In deze verordening wordt verstaan onder:

  • a.

    participatie: het in een vroeg stadium en op interactieve wijze betrekken van ingezetenen en belanghebbenden bij de voorbereiding en ontwikkeling van gemeentelijk beleid en gemeentelijke kaders en bij de uitvoering van projecten;

  • b.

    ingezetene: ieder die met een adres in de gemeente Dordrecht is ingeschreven in de gemeentelijke basisadministratie persoonsgegevens;

  • c.

    belanghebbende: een natuurlijk - of rechtspersoon wiens belang rechtstreeks bij een besluit betrokken is;

  • d.

    raadplegen: het gelegenheid geven aan ingezetenen en belanghebbenden om ideeën, wensen en meningen naar voren te brengen of voorkeuren aan te geven die bij de beleidsvorming of de uitvoering worden betrokken;

  • e.

    adviseren: een antwoord geven door belanghebbenden en ingezetenen op een door een bestuursorgaan geformuleerde vraag, of uit eigener beweging;

  • f.

    coproduceren: het door gemeente en daartoe uitgenodigde deelnemers in gezamenlijk overleg ontwikkelen van een plan met inachtneming van vooraf meegegeven kaders;

  • g.

    inspraak: het kenbaar maken van een zienswijze aan het bestuur over een voorgenomen besluit of een beleidsvoornemen;

  • h.

    beleidsvoornemen: het voornemen van het bestuursorgaan tot het vaststellen of wijzigen van beleid;

  • i.

    inspraakprocedure: de wijze waarop de inspraak gestalte wordt gegeven;

  • j.

    het college: het college van burgemeester en wethouders van Dordrecht;

  • k.

    Bestuursorgaan: het bestuursorgaan dat bevoegd is om over participatie of inspraak een besluit te nemen.

HOOFDSTUK 2 ALGEMENE BEPALINGEN

Artikel 2 Reikwijdte verordening

Deze verordening is van toepassing op de voorbereiding en ontwikkeling van gemeentelijk beleid en gemeentelijke kaders, op voorgenomen besluiten van het bestuur en op de uitvoering van projecten.

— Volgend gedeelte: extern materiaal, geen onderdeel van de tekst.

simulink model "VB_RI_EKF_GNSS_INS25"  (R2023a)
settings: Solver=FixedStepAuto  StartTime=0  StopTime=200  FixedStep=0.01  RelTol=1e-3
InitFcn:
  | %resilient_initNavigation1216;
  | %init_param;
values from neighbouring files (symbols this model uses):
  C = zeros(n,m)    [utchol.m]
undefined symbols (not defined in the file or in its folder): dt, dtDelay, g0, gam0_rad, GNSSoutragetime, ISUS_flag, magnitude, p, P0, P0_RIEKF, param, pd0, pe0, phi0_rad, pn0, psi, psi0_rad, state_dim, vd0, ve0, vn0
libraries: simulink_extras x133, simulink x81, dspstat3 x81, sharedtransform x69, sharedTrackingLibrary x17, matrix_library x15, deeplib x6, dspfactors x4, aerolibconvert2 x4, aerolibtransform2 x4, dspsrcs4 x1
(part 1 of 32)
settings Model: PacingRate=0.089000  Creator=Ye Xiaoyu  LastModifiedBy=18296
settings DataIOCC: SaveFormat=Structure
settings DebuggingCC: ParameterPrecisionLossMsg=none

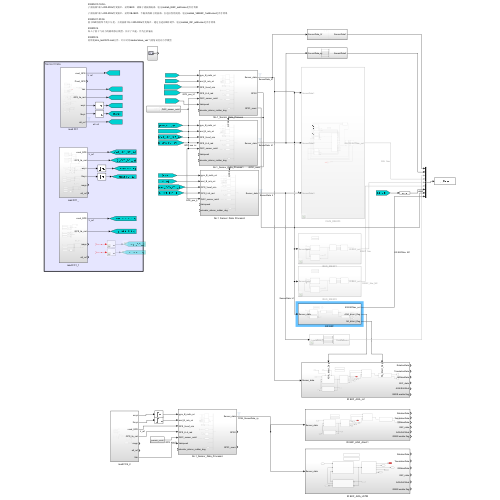
[thumbnail: Simulink's stored preview of the top-level diagram]
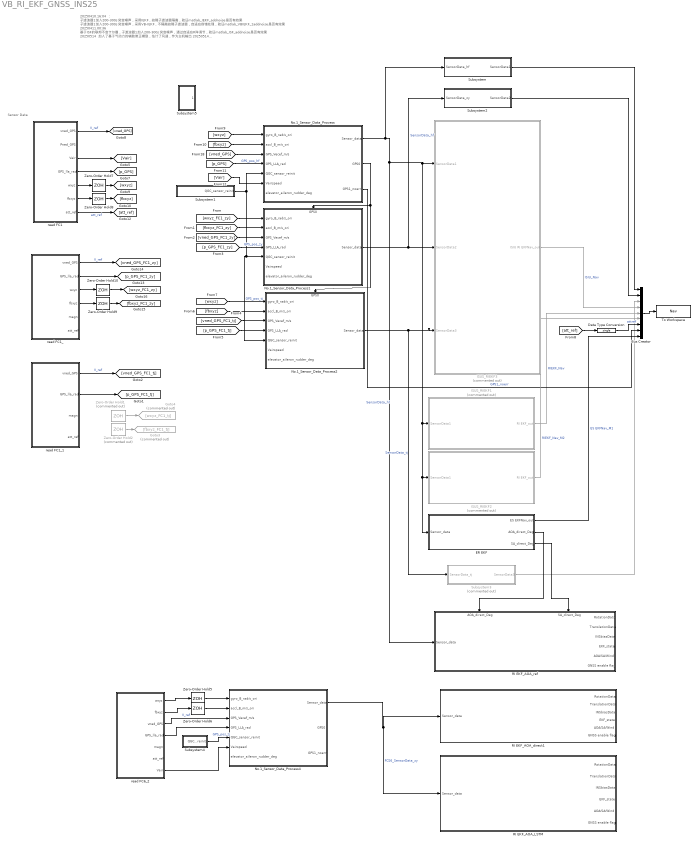
== system VB_RI_EKF_GNSS_INS25 ==
  note: 20250410.16:04：
      | 子滤波器1加入200-300s突变噪声，采用IEKF，故障子滤波器隔离，验证matlab_IEKF_addnoise是否有效果
      |
      | 子滤波器1加入200-300s突变噪声，采用VB-IEKF，不隔离故障子滤波器，自适应容错处理，验证matlab_VBIEKF_1addnoise是否有效果
      |
      | 20250411.00:36
      | 基于ISF的联邦不变卡尔曼，子滤波器1加入200-300s突变噪声，通过自适应R阵调节，验证matlab_ISF_addnoise是否有效果
      |
      | 20250514
      | 加入了基于气动力的辅助修正模型，估计了风速，作为主机输出
      |
      | 20250514
      | 初始化lstm_test0515.mat文件，可以对比master/slave_vair气流角误差动力学模型
  note: Sensor Data
  Bus Creator : BusCreator  Inputs=9
  Data Type Conversion : DataTypeConversion  OutDataTypeStr=single  SaturateOnIntegerOverflow=off  RndMeth=Floor
  ER EKF : Subsystem
  Goto3 : Goto  Commented=on  GotoTag=fbxyz_FC1_tj
  Goto4 : Goto  Commented=on  GotoTag=wxyz_FC1_tj
  ISUS_RIEKF1 : Subsystem  Commented=on
  ISUS_RIEKF2 : Subsystem  Commented=on
  ISUS_RIEKF3 : Subsystem  Commented=on
  No.1_Sensor_Data_Process : Subsystem
  No.1_Sensor_Data_Process1 : Subsystem
      settings: PortSchema="{\"entries\":[{\"content\":{\"sides\":[{\"content\":{\"connectorIds\":[\"In1\",\"In2\",\"In3\",\"In4\",\"In5\",\"In6\",\"In7\"]},\"type\":\"ConnectorPlacement.EquallySpacedRectSide\",\"uuid\":\"9a461442-5a4c-405b-8781-00f946dfe93c\"},{\"content\":{\"connectorIds\":[\"Out1\"],\"side\":\"RIGHT\"},\"type\":\"ConnectorPlacement.EquallySpacedRectSide\",\"uuid\":\"70ca8ff8-5980-4d24-aa39-0c8562a9d1d9\"},{\"content\":{\"connectorIds\":[\"In8\"],\"side\":\"TOP\"},\"type\":\"ConnectorPlacement.EquallySpacedRectSide\",\"uuid\":\"b1ebbd88-9925-4860-b235-fb3cc0770858\"}]},\"type\":\"ConnectorPlacement.EquallySpacedConnector\",\"uuid\":\"3dd6f087-9fad-422a-adf7-c884c798750f\"}],\"packageUris\":[\"http://schema.mathworks.com/mf0/Connector/R2020b\"],\"version\":\"1.0\"}"
  No.1_Sensor_Data_Process2 : Subsystem
      settings: PortSchema="{\"entries\":[{\"content\":{\"sides\":[{\"content\":{\"connectorIds\":[\"In1\",\"In2\",\"In3\",\"In4\",\"In5\",\"In6\",\"In7\"]},\"type\":\"ConnectorPlacement.EquallySpacedRectSide\",\"uuid\":\"9a461442-5a4c-405b-8781-00f946dfe93c\"},{\"content\":{\"connectorIds\":[\"Out1\"],\"side\":\"RIGHT\"},\"type\":\"ConnectorPlacement.EquallySpacedRectSide\",\"uuid\":\"70ca8ff8-5980-4d24-aa39-0c8562a9d1d9\"},{\"content\":{\"connectorIds\":[\"In8\"],\"side\":\"TOP\"},\"type\":\"ConnectorPlacement.EquallySpacedRectSide\",\"uuid\":\"b1ebbd88-9925-4860-b235-fb3cc0770858\"}]},\"type\":\"ConnectorPlacement.EquallySpacedConnector\",\"uuid\":\"3dd6f087-9fad-422a-adf7-c884c798750f\"}],\"packageUris\":[\"http://schema.mathworks.com/mf0/Connector/R2020b\"],\"version\":\"1.0\"}"
  No.1_Sensor_Data_Process4 : Subsystem
  RI EKF_AOA_LSTM : Subsystem
  RI EKF_AOA_direct1 : Subsystem
  RI EKF_AOA_ref : Subsystem
      settings: PortSchema="{\"entries\":[{\"content\":{\"sides\":[{\"content\":{\"connectorIds\":[\"In1\"]},\"type\":\"ConnectorPlacement.EquallySpacedRectSide\",\"uuid\":\"2029a991-91f0-4092-9e34-0b32235deeac\"},{\"content\":{\"connectorIds\":[\"Out1\",\"Out2\",\"Out3\",\"Out4\",\"Out5\",\"Out6\"],\"side\":\"RIGHT\"},\"type\":\"ConnectorPlacement.EquallySpacedRectSide\",\"uuid\":\"c896df0a-2efa-408f-8249-2f9b8aea425e\"},{\"content\":{\"connectorIds\":[\"In2\",\"In3\"],\"side\":\"TOP\"},\"type\":\"ConnectorPlacement.EquallySpacedRectSide\",\"uuid\":\"ea6334ab-d4e0-46e5-a5db-c3c8a7ade9c4\"}]},\"type\":\"ConnectorPlacement.EquallySpacedConnector\",\"uuid\":\"c2bf45d6-b320-4237-b6ce-9fb92476f49c\"}],\"packageUris\":[\"http://schema.mathworks.com/mf0/Connector/R2020b\"],\"version\":\"1.0\"}"
  Subsystem : Subsystem
  Subsystem1 : Subsystem
  Subsystem2 : Subsystem
  Subsystem3 : Subsystem  Commented=on
  Subsystem4 : Subsystem
  Subsystem5 : Subsystem
  To Workspace : ToWorkspace  VariableName=Nav  SaveFormat=Timeseries  SampleTime=0.01
  Zero-Order Hold1 : ZeroOrderHold  Commented=on  SampleTime=dt
  Zero-Order Hold{5..10} (6 alike) : ZeroOrderHold  SampleTime=dt
  Zero-Order Hold2 : ZeroOrderHold  Commented=on  SampleTime=dt
  read FC1 : Subsystem
  read FC1_ : Subsystem
  read FC1_1 : Subsystem
  read FC6_2 : Subsystem
  wires:
  read FC1/1(vned_GPS) -> [vned_GPS]  "V_ref"
  read FC1/6(fbxyz) -> Zero-Order Hold8/1
  read FC1/5(wxyz) -> Zero-Order Hold7/1
  read FC1/7(att_ref) -> [att_ref]  "att_ref"
  read FC1_/2(GPS_lla_rad) -> [p_GPS_FC1_zy]
  read FC1_/1(vned_GPS) -> [vned_GPS_FC1_zy]  "V_ref"
  read FC1/4(GPS_lla_rad) -> [p_GPS]
  Zero-Order Hold10/1 -> [wxyz_FC1_zy]
  Zero-Order Hold9/1 -> [fbxyz_FC1_zy]
  read FC1_/3(wxyz) -> Zero-Order Hold10/1
  read FC1_/4(fbxyz) -> Zero-Order Hold9/1
  Zero-Order Hold7/1 -> [wxyz]
  Zero-Order Hold8/1 -> [fbxyz]
  [fbxyz] -> No.1_Sensor_Data_Process/2(accl_B_m/s_ori)
  Subsystem1/1(QGC_sensor_reinit) -> No.1_Sensor_Data_Process/5(QGC_sensor_reinit), No.1_Sensor_Data_Process1/5(QGC_sensor_reinit), No.1_Sensor_Data_Process2/5(QGC_sensor_reinit)  "GPS_pos_tj"
  [wxyz] -> No.1_Sensor_Data_Process/1(gyro_B_rad/s_ori)
  No.1_Sensor_Data_Process1/1(Sensor_data) -> Subsystem2/1(SensorData_zy), ISUS_RIEKF3/2(SensorData2)  "SensorData_hf"
  [wxyz_FC1_zy] -> No.1_Sensor_Data_Process1/1(gyro_B_rad/s_ori)
  [fbxyz_FC1_zy] -> No.1_Sensor_Data_Process1/2(accl_B_m/s_ori)
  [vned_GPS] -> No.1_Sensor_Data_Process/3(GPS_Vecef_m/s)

Artikel 3 Afbakening participatie en inspraak

  • 1.

    Participatie en inspraak zijn in beginsel mogelijk op alle terreinen van gemeentelijk bestuur.

  • 2.

    Inspraak wordt verleend als de wet daartoe verplicht of als specifieke overwegingen hiertoe aanleiding geven.

  • 3.

    Cumulatie van participatie en inspraak wordt in beginsel vermeden.

Artikel 4 Uitzonderingen op participatie en inspraak

  • 1.

    Geen participatie wordt toegepast respectievelijk geen inspraak wordt verleend:

    • a.

      indien inspraak bij of krachtens de wet is uitgesloten;

    • b.

      indien het voorgenomen besluit uitsluitend strekt tot uitvoering van regels van hogere overheden;

    • c.

      indien het bestuursorgaan bij het nemen van het besluit geen ruimte heeft voor het maken van beleidsinhoudelijke keuzes;

    • d.

      ten aanzien van de vaststelling van gemeentelijke belastingtarieven;

    • e.

      ten aanzien van interne organisatorische aangelegenheden van de gemeente;

    • f.

      ten aanzien van de vaststelling van de jaarlijkse kadernota, begroting en rekening en de meerjarenbegroting en beleidsprogramma.

  • 2.

    Het bestuursorgaan kan in de volgende gevallen ervan afzien om ten aanzien van beleidsvoornemens participatie toe te passen of inspraak te verlenen:

    • a.

      ten aanzien van ondergeschikte herzieningen van een eerder vastgesteld beleidsvoornemen;

    • b.

      wanneer het belang van de participatie of de inspraak niet opweegt tegen het belang van een snelle besluitvorming of uitvoering of wegens andere gewichtige en/of dringende reden.

    • c.

      indien voorafgaand aan het beleidsvoornemen of voornemen tot uitvoering van beleid een participatieproces heeft plaatsgevonden, waarin ingezetenen en belanghebbenden hun inbreng hebben kunnen geven en hun zienswijzen kenbaar hebben kunnen maken ten aanzien van de beleidsvragen die ten grondslag liggen aan de te nemen beleidsbeslissing.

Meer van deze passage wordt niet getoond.